▶ **Your goal**: An exact copy of the lines, starting at the top of the listing and ending with the line that has "import ezdxf", is the required answer. Pictures are not part of it.

▶ **Records for this exercise**:
────────
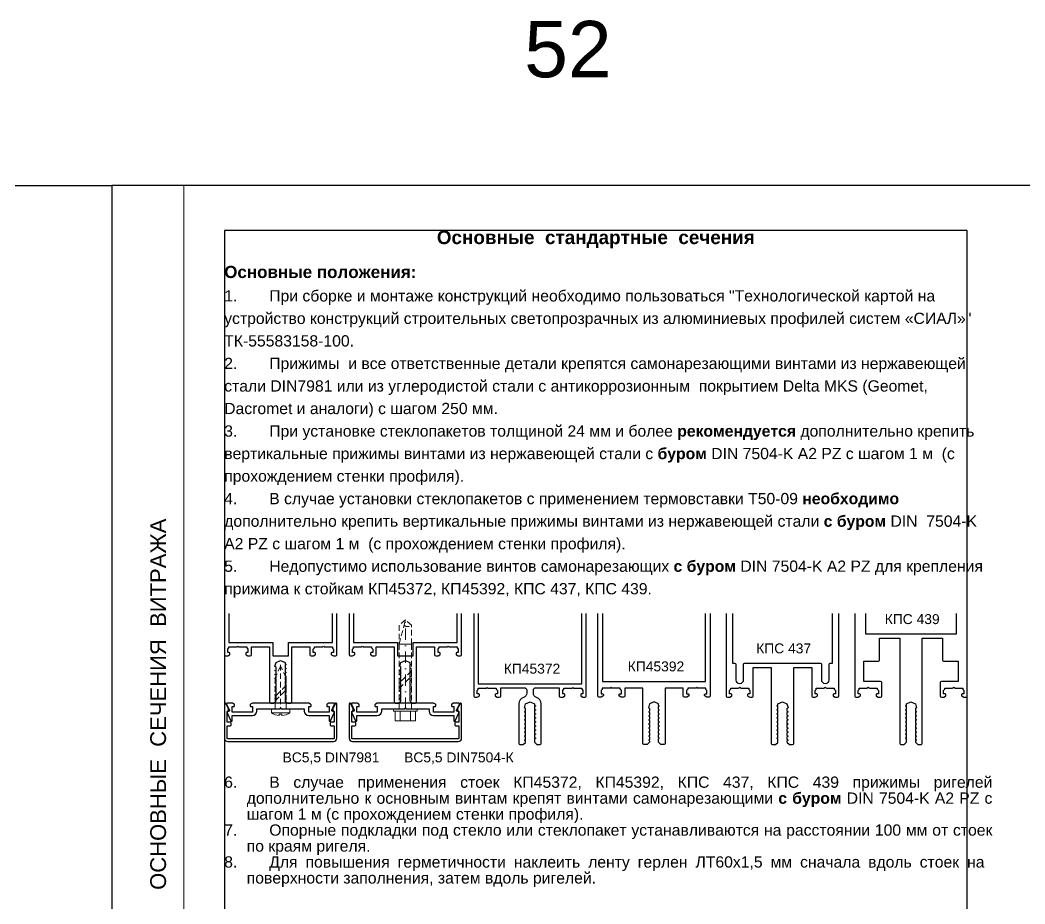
# Model space of a CAD drawing. Extents: x -37 to 8820, y -336 to 478.
# Drawn here: x 189.6 to 412.8, y 137.5 to 333.7 of the extents above; entities that cross this region are included whole.
import ezdxf

# ---------------------------------------------------------------- set-up
doc = ezdxf.new("R2010")
doc.units = 0
doc.header["$LTSCALE"] = 5
doc.linetypes.add('DASHDOT', pattern=[1, 0.5, -0.25, 0, -0.25])
doc.linetypes.add('HIDDEN', pattern=[0.375, 0.25, -0.125])
doc.layers.get('0').update_dxf_attribs({"linetype": 'CONTINUOUS', "lineweight": 30})
for name, color, linetype, lineweight in [('1', 6, 'DASHDOT', 13), ('2', 3, 'HIDDEN', 13), ('Dimentions', 5, 'CONTINUOUS', 15), ('Текстовый', 7, 'CONTINUOUS', 9), ('Уплотнители', 1, 'CONTINUOUS', 20)]:
    doc.layers.add(name, color=color, linetype=linetype, lineweight=lineweight)
doc.layers.add('Скрытые', color=14, linetype='CONTINUOUS', plot=False)
doc.styles.add('Каталожный', font='arial.ttf', dxfattribs={"height": 2.5})
doc.styles.add('Фирм', font='arial.ttf', dxfattribs={"height": 3.5})

msp = doc.modelspace()

# ---------------------------------------------------------------- linework, layer by layer
for points in [[(235, 202.0079), (235, 192.8468, 0.41421356), (235.25, 192.5968), (235.7146, 192.5968, 0.11643382), (235.7817, 192.6126), (236.1671, 192.8053, 0.28407904), (236.25, 192.9395), (236.25, 193.1968, 0.41421356), (236.1, 193.3468), (235.75, 193.3468), (235.75, 194.0968), (235.9561, 194.3029, 0.19891237), (236, 194.4089), (236, 194.5968), (237.7823, 194.5968, 0.28407904), (237.9165, 194.6797), (238, 194.8468), (238.0835, 194.6797, 0.28407904), (238.2177, 194.5968), (240, 194.5968), (240, 194.4089, 0.19891237), (240.0439, 194.3029), (240.25, 194.0968), (240.25, 193.3468), (239.9, 193.3468, 0.41421356), (239.75, 193.1968), (239.75, 192.9395, 0.28407904), (239.8329, 192.8053), (240.2183, 192.6126, 0.11643382), (240.2854, 192.5968), (240.75, 192.5968, 0.41421356), (241, 192.8468), (241, 194.5968), (245, 194.5968), (245, 182.3468, 0.41421356), (245.25, 182.0968), (245.9379, 182.0968, 0.19891237), (246.0439, 182.1407), (246.4561, 182.5529, 0.19891237), (246.5, 182.6589), (246.5, 182.8291, 0.28407904), (246.4171, 182.9633), (246.25, 183.0468), (246.4171, 183.1303, 0.28407904), (246.5, 183.2645), (246.5, 183.7291, 0.28407904), (246.4171, 183.8633), (246.25, 183.9468), (246.4171, 184.0303, 0.28407904), (246.5, 184.1645), (246.5, 184.6291, 0.28407904), (246.4171, 184.7633), (246.25, 184.8468), (246.4171, 184.9303, 0.28407904), (246.5, 185.0645), (246.5, 185.5291, 0.28407904), (246.4171, 185.6633), (246.25, 185.7468), (246.4171, 185.8303, 0.28407904), (246.5, 185.9645), (246.5, 186.4291, 0.28407904), (246.4171, 186.5633), (246.25, 186.6468), (246.4171, 186.7303, 0.28407904), (246.5, 186.8645), (246.5, 187.3291, 0.28407904), (246.4171, 187.4633), (246.25, 187.5468), (246.4171, 187.6303, 0.28407904), (246.5, 187.7645), (246.5, 188.2291, 0.28407904), (246.4171, 188.3633), (246.25, 188.4468), (246.4171, 188.5303, 0.28407904), (246.5, 188.6645), (246.5, 189.1291, 0.28407904), (246.4171, 189.2633), (246.25, 189.3468), (246.4171, 189.4303, 0.28407904), (246.5, 189.5645), (246.5, 190.0291, 0.28407904), (246.4171, 190.1633), (246.25, 190.2468), (246.5, 191.0968), (247.5, 191.5968), (248.5, 191.0968), (248.5, 190.9145, 0.28407904), (248.5829, 190.7803), (248.75, 190.6968), (248.5829, 190.6133, 0.28407904), (248.5, 190.4791), (248.5, 190.0145, 0.28407904), (248.5829, 189.8803), (248.75, 189.7968), (248.5829, 189.7133, 0.28407904), (248.5, 189.5791), (248.5, 189.1145, 0.28407904), (248.5829, 188.9803), (248.75, 188.8968), (248.5829, 188.8133, 0.28407904), (248.5, 188.6791), (248.5, 188.2145, 0.28407904), (248.5829, 188.0803), (248.75, 187.9968), (248.5829, 187.9133, 0.28407904), (248.5, 187.7791), (248.5, 187.3145, 0.28407904), (248.5829, 187.1803), (248.75, 187.0968), (248.5829, 187.0133, 0.28407904), (248.5, 186.8791), (248.5, 186.4145, 0.28407904), (248.5829, 186.2803), (248.75, 186.1968), (248.5829, 186.1133, 0.28407904), (248.5, 185.9791), (248.5, 185.5145, 0.28407904), (248.5829, 185.3803), (248.75, 185.2968), (248.5829, 185.2133, 0.28407904), (248.5, 185.0791), (248.5, 184.6145, 0.28407904), (248.5829, 184.4803), (248.75, 184.3968), (248.5829, 184.3133, 0.28407904), (248.5, 184.1791), (248.5, 183.7145, 0.28407904), (248.5829, 183.5803), (248.75, 183.4968), (248.5829, 183.4133, 0.28407904), (248.5, 183.2791), (248.5, 182.6589, 0.19891237), (248.5439, 182.5529), (248.9561, 182.1407, 0.19891237), (249.0621, 182.0968), (249.75, 182.0968, 0.41421356), (250, 182.3468), (250, 194.5968), (254, 194.5968), (254, 192.8468, 0.41421356), (254.25, 192.5968), (254.7146, 192.5968, 0.11643382), (254.7817, 192.6126), (255.1671, 192.8053, 0.28407904), (255.25, 192.9395), (255.25, 193.1968, 0.41421356), (255.1, 193.3468), (254.75, 193.3468), (254.75, 194.0968), (254.9561, 194.3029, 0.19891237), (255, 194.4089), (255, 194.5968), (256.7823, 194.5968, 0.28407904), (256.9165, 194.6797), (257, 194.8468), (257.0835, 194.6797, 0.28407904), (257.2177, 194.5968), (259, 194.5968), (259, 194.4089, 0.19891237), (259.0439, 194.3029), (259.25, 194.0968), (259.25, 193.3468), (258.9, 193.3468, 0.41421356), (258.75, 193.1968), (258.75, 192.9395, 0.28407904), (258.8329, 192.8053), (259.2183, 192.6126, 0.11643382), (259.2854, 192.5968), (259.75, 192.5968, 0.41421356), (260, 192.8468), (260, 202.0079)], [(262.706, 202.0079), (262.706, 192.8468, 0.41421356), (262.956, 192.5968), (263.4206, 192.5968, 0.11643382), (263.4876, 192.6126), (263.8731, 192.8053, 0.28407904), (263.956, 192.9395), (263.956, 193.1968, 0.41421356), (263.806, 193.3468), (263.456, 193.3468), (263.456, 194.0968), (263.662, 194.3029, 0.19891237), (263.706, 194.4089), (263.706, 194.5968), (265.4883, 194.5968, 0.28407904), (265.6224, 194.6797), (265.706, 194.8468), (265.7895, 194.6797, 0.28407904), (265.9237, 194.5968), (267.706, 194.5968), (267.706, 194.4089, 0.19891237), (267.7499, 194.3029), (267.956, 194.0968), (267.956, 193.3468), (267.606, 193.3468, 0.41421356), (267.456, 193.1968), (267.456, 192.9395, 0.28407904), (267.5389, 192.8053), (267.9243, 192.6126, 0.11643382), (267.9914, 192.5968), (268.456, 192.5968, 0.41421356), (268.706, 192.8468), (268.706, 194.5968), (272.706, 194.5968), (272.706, 182.3468, 0.41421356), (272.956, 182.0968), (273.6438, 182.0968, 0.19891237), (273.7499, 182.1407), (274.162, 182.5529, 0.19891237), (274.206, 182.6589), (274.206, 182.8291, 0.28407904), (274.1231, 182.9633), (273.956, 183.0468), (274.1231, 183.1303, 0.28407904), (274.206, 183.2645), (274.206, 183.7291, 0.28407904), (274.1231, 183.8633), (273.956, 183.9468), (274.1231, 184.0303, 0.28407904), (274.206, 184.1645), (274.206, 184.6291, 0.28407904), (274.1231, 184.7633), (273.956, 184.8468), (274.1231, 184.9303, 0.28407904), (274.206, 185.0645), (274.206, 185.5291, 0.28407904), (274.1231, 185.6633), (273.956, 185.7468), (274.1231, 185.8303, 0.28407904), (274.206, 185.9645), (274.206, 186.4291, 0.28407904), (274.1231, 186.5633), (273.956, 186.6468), (274.1231, 186.7303, 0.28407904), (274.206, 186.8645), (274.206, 187.3291, 0.28407904), (274.1231, 187.4633), (273.956, 187.5468), (274.1231, 187.6303, 0.28407904), (274.206, 187.7645), (274.206, 188.2291, 0.28407904), (274.1231, 188.3633), (273.956, 188.4468), (274.1231, 188.5303, 0.28407904), (274.206, 188.6645), (274.206, 189.1291, 0.28407904), (274.1231, 189.2633), (273.956, 189.3468), (274.1231, 189.4303, 0.28407904), (274.206, 189.5645), (274.206, 190.0291, 0.28407904), (274.1231, 190.1633), (273.956, 190.2468), (274.206, 191.0968), (275.206, 191.5968), (276.206, 191.0968), (276.206, 190.9145, 0.28407904), (276.2889, 190.7803), (276.456, 190.6968), (276.2889, 190.6133, 0.28407904), (276.206, 190.4791), (276.206, 190.0145, 0.28407904), (276.2889, 189.8803), (276.456, 189.7968), (276.2889, 189.7133, 0.28407904), (276.206, 189.5791), (276.206, 189.1145, 0.28407904), (276.2889, 188.9803), (276.456, 188.8968), (276.2889, 188.8133, 0.28407904), (276.206, 188.6791), (276.206, 188.2145, 0.28407904), (276.2889, 188.0803), (276.456, 187.9968), (276.2889, 187.9133, 0.28407904), (276.206, 187.7791), (276.206, 187.3145, 0.28407904), (276.2889, 187.1803), (276.456, 187.0968), (276.2889, 187.0133, 0.28407904), (276.206, 186.8791), (276.206, 186.4145, 0.28407904), (276.2889, 186.2803), (276.456, 186.1968), (276.2889, 186.1133, 0.28407904), (276.206, 185.9791), (276.206, 185.5145, 0.28407904), (276.2889, 185.3803), (276.456, 185.2968), (276.2889, 185.2133, 0.28407904), (276.206, 185.0791), (276.206, 184.6145, 0.28407904), (276.2889, 184.4803), (276.456, 184.3968), (276.2889, 184.3133, 0.28407904), (276.206, 184.1791), (276.206, 183.7145, 0.28407904), (276.2889, 183.5803), (276.456, 183.4968), (276.2889, 183.4133, 0.28407904), (276.206, 183.2791), (276.206, 182.6589, 0.19891237), (276.2499, 182.5529), (276.662, 182.1407, 0.19891237), (276.7681, 182.0968), (277.456, 182.0968, 0.41421356), (277.706, 182.3468), (277.706, 194.5968), (281.706, 194.5968), (281.706, 192.8468, 0.41421356), (281.956, 192.5968), (282.4206, 192.5968, 0.11643382), (282.4876, 192.6126), (282.8731, 192.8053, 0.28407904), (282.956, 192.9395), (282.956, 193.1968, 0.41421356), (282.806, 193.3468), (282.456, 193.3468), (282.456, 194.0968), (282.662, 194.3029, 0.19891237), (282.706, 194.4089), (282.706, 194.5968), (284.4883, 194.5968, 0.28407904), (284.6224, 194.6797), (284.706, 194.8468), (284.7895, 194.6797, 0.28407904), (284.9237, 194.5968), (286.706, 194.5968), (286.706, 194.4089, 0.19891237), (286.7499, 194.3029), (286.956, 194.0968), (286.956, 193.3468), (286.606, 193.3468, 0.41421356), (286.456, 193.1968), (286.456, 192.9395, 0.28407904), (286.5389, 192.8053), (286.9243, 192.6126, 0.11643382), (286.9914, 192.5968), (287.456, 192.5968, 0.41421356), (287.706, 192.8468), (287.706, 202.0079)], [(290.394, 202.0079), (290.394, 183.6771, 0.41421356), (290.644, 183.4271), (291.1086, 183.4271, 0.11643382), (291.1757, 183.4429), (291.5611, 183.6356, 0.28407904), (291.644, 183.7698), (291.644, 184.0271, 0.41421356), (291.494, 184.1771), (291.144, 184.1771), (291.144, 184.9271), (291.35, 185.1332, 0.19891237), (291.394, 185.2392), (291.394, 185.4271), (293.1763, 185.4271, 0.28407904), (293.3104, 185.51), (293.394, 185.6771), (293.4775, 185.51, 0.28407904), (293.6117, 185.4271), (295.394, 185.4271), (295.394, 185.2392, 0.19891237), (295.4379, 185.1332), (295.644, 184.9271), (295.644, 184.1771), (295.294, 184.1771, 0.41421356), (295.144, 184.0271), (295.144, 183.7698, 0.28407904), (295.2269, 183.6356), (295.6123, 183.4429, 0.11643382), (295.6794, 183.4271), (296.144, 183.4271, 0.41421356), (296.394, 183.6771), (296.394, 185.5271), (301.644, 185.5271, -0.41421356), (302.144, 185.0271), (302.144, 184.3119, -0.32753822), (301.444, 183.358, 0.32753822), (300.394, 181.9271), (300.394, 173.1771, 0.41421356), (300.644, 172.9271), (301.3318, 172.9271, 0.19891237), (301.4379, 172.971), (301.85, 173.3832, 0.19891237), (301.894, 173.4892), (301.894, 173.6594, 0.28407904), (301.8111, 173.7935), (301.644, 173.8771), (301.8111, 173.9606, 0.28407904), (301.894, 174.0948), (301.894, 174.5594, 0.28407904), (301.8111, 174.6935), (301.644, 174.7771), (301.8111, 174.8606, 0.28407904), (301.894, 174.9948), (301.894, 175.4594, 0.28407904), (301.8111, 175.5935), (301.644, 175.6771), (301.8111, 175.7606, 0.28407904), (301.894, 175.8948), (301.894, 176.3594, 0.28407904), (301.8111, 176.4935), (301.644, 176.5771), (301.8111, 176.6606, 0.28407904), (301.894, 176.7948), (301.894, 177.2594, 0.28407904), (301.8111, 177.3935), (301.644, 177.4771), (301.8111, 177.5606, 0.28407904), (301.894, 177.6948), (301.894, 178.1594, 0.28407904), (301.8111, 178.2935), (301.644, 178.3771), (301.8111, 178.4606, 0.28407904), (301.894, 178.5948), (301.894, 179.0594, 0.28407904), (301.8111, 179.1935), (301.644, 179.2771), (301.8111, 179.3606, 0.28407904), (301.894, 179.4948), (301.894, 179.9594, 0.28407904), (301.8111, 180.0935), (301.644, 180.1771), (301.8111, 180.2606, 0.28407904), (301.894, 180.3948), (301.894, 180.8594, 0.28407904), (301.8111, 180.9935), (301.644, 181.0771), (301.894, 181.9271), (302.894, 182.4271), (303.894, 181.9271), (303.894, 181.7448, 0.28407904), (303.9769, 181.6106), (304.144, 181.5271), (303.9769, 181.4435, 0.28407904), (303.894, 181.3094), (303.894, 180.8448, 0.28407904), (303.9769, 180.7106), (304.144, 180.6271), (303.9769, 180.5435, 0.28407904), (303.894, 180.4094), (303.894, 179.9448, 0.28407904), (303.9769, 179.8106), (304.144, 179.7271), (303.9769, 179.6435, 0.28407904), (303.894, 179.5094), (303.894, 179.0448, 0.28407904), (303.9769, 178.9106), (304.144, 178.8271), (303.9769, 178.7435, 0.28407904), (303.894, 178.6094), (303.894, 178.1448, 0.28407904), (303.9769, 178.0106), (304.144, 177.9271), (303.9769, 177.8435, 0.28407904), (303.894, 177.7094), (303.894, 177.2448, 0.28407904), (303.9769, 177.1106), (304.144, 177.0271), (303.9769, 176.9435, 0.28407904), (303.894, 176.8094), (303.894, 176.3448, 0.28407904), (303.9769, 176.2106), (304.144, 176.1271), (303.9769, 176.0435, 0.28407904), (303.894, 175.9094), (303.894, 175.4448, 0.28407904), (303.9769, 175.3106), (304.144, 175.2271), (303.9769, 175.1435, 0.28407904), (303.894, 175.0094), (303.894, 174.5448, 0.28407904), (303.9769, 174.4106), (304.144, 174.3271), (303.9769, 174.2435, 0.28407904), (303.894, 174.1094), (303.894, 173.4892, 0.19891237), (303.9379, 173.3832), (304.35, 172.971, 0.19891237), (304.4561, 172.9271), (305.144, 172.9271, 0.41421356), (305.394, 173.1771), (305.394, 181.9271, 0.32753822), (304.344, 183.358, -0.32753822), (303.644, 184.3119), (303.644, 185.0271, -0.41421356), (304.144, 185.5271), (309.394, 185.5271), (309.394, 183.6771, 0.41421356), (309.644, 183.4271), (310.1086, 183.4271, 0.11643382), (310.1757, 183.4429), (310.5611, 183.6356, 0.28407904), (310.644, 183.7698), (310.644, 184.0271, 0.41421356), (310.494, 184.1771), (310.144, 184.1771), (310.144, 184.9271), (310.35, 185.1332, 0.19891237), (310.394, 185.2392), (310.394, 185.4271), (312.1763, 185.4271, 0.28407904), (312.3104, 185.51), (312.394, 185.6771), (312.4775, 185.51, 0.28407904), (312.6117, 185.4271), (314.394, 185.4271), (314.394, 185.2392, 0.19891237), (314.4379, 185.1332), (314.644, 184.9271), (314.644, 184.1771), (314.294, 184.1771, 0.41421356), (314.144, 184.0271), (314.144, 183.7698, 0.28407904), (314.2269, 183.6356), (314.6123, 183.4429, 0.11643382), (314.6794, 183.4271), (315.144, 183.4271, 0.41421356), (315.394, 183.6771), (315.394, 202.0079)], [(342.9256, 202.0079), (342.9256, 183.6771, -0.41421356), (342.6756, 183.4271), (342.211, 183.4271, -0.11643382), (342.1439, 183.4429), (341.7585, 183.6356, -0.28407904), (341.6756, 183.7698), (341.6756, 184.0271, -0.41421356), (341.8256, 184.1771), (342.1756, 184.1771), (342.1756, 184.9271), (341.9695, 185.1332, -0.19891237), (341.9256, 185.2392), (341.9256, 185.4271), (340.1433, 185.4271, -0.28407904), (340.0091, 185.51), (339.9256, 185.6771), (339.842, 185.51, -0.28407904), (339.7079, 185.4271), (337.9256, 185.4271), (337.9256, 185.2392, -0.19891237), (337.8816, 185.1332), (337.6756, 184.9271), (337.6756, 184.1771), (338.0256, 184.1771, -0.41421356), (338.1756, 184.0271), (338.1756, 183.7698, -0.28407904), (338.0926, 183.6356), (337.7072, 183.4429, -0.11643382), (337.6402, 183.4271), (337.1756, 183.4271, -0.41421356), (336.9256, 183.6771), (336.9256, 185.4271), (332.9256, 185.4271), (332.9256, 173.1771, -0.41421356), (332.6756, 172.9271), (331.9877, 172.9271, -0.19891237), (331.8816, 172.971), (331.4695, 173.3832, -0.19891237), (331.4256, 173.4892), (331.4256, 174.1094, -0.28407904), (331.5085, 174.2435), (331.6756, 174.3271), (331.5085, 174.4106, -0.28407904), (331.4256, 174.5448), (331.4256, 175.0094, -0.28407904), (331.5085, 175.1435), (331.6756, 175.2271), (331.5085, 175.3106, -0.28407904), (331.4256, 175.4448), (331.4256, 175.9094, -0.28407904), (331.5085, 176.0435), (331.6756, 176.1271), (331.5085, 176.2106, -0.28407904), (331.4256, 176.3448), (331.4256, 176.8094, -0.28407904), (331.5085, 176.9435), (331.6756, 177.0271), (331.5085, 177.1106, -0.28407904), (331.4256, 177.2448), (331.4256, 177.7094, -0.28407904), (331.5085, 177.8435), (331.6756, 177.9271), (331.5085, 178.0106, -0.28407904), (331.4256, 178.1448), (331.4256, 178.6094, -0.28407904), (331.5085, 178.7435), (331.6756, 178.8271), (331.5085, 178.9106, -0.28407904), (331.4256, 179.0448), (331.4256, 179.5094, -0.28407904), (331.5085, 179.6435), (331.6756, 179.7271), (331.5085, 179.8106, -0.28407904), (331.4256, 179.9448), (331.4256, 180.4094, -0.28407904), (331.5085, 180.5435), (331.6756, 180.6271), (331.5085, 180.7106, -0.28407904), (331.4256, 180.8448), (331.4256, 181.3094, -0.28407904), (331.5085, 181.4435), (331.6756, 181.5271), (331.5085, 181.6106, -0.28407904), (331.4256, 181.7448), (331.4256, 181.9271), (330.4256, 182.4271), (329.4256, 181.9271), (329.1756, 181.0771), (329.3426, 180.9935, -0.28407904), (329.4256, 180.8594), (329.4256, 180.3948, -0.28407904), (329.3426, 180.2606), (329.1756, 180.1771), (329.3426, 180.0935, -0.28407904), (329.4256, 179.9594), (329.4256, 179.4948, -0.28407904), (329.3426, 179.3606), (329.1756, 179.2771), (329.3426, 179.1935, -0.28407904), (329.4256, 179.0594), (329.4256, 178.5948, -0.28407904), (329.3426, 178.4606), (329.1756, 178.3771), (329.3426, 178.2935, -0.28407904), (329.4256, 178.1594), (329.4256, 177.6948, -0.28407904), (329.3426, 177.5606), (329.1756, 177.4771), (329.3426, 177.3935, -0.28407904), (329.4256, 177.2594), (329.4256, 176.7948, -0.28407904), (329.3426, 176.6606), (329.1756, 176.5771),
────────
▶ **Result for this task**:
# Model space of a CAD drawing. Extents: x -37 to 8820, y -336 to 478.
# Drawn here: x 189.6 to 412.8, y 137.5 to 333.7 of the extents above; entities that cross this region are included whole.
import ezdxf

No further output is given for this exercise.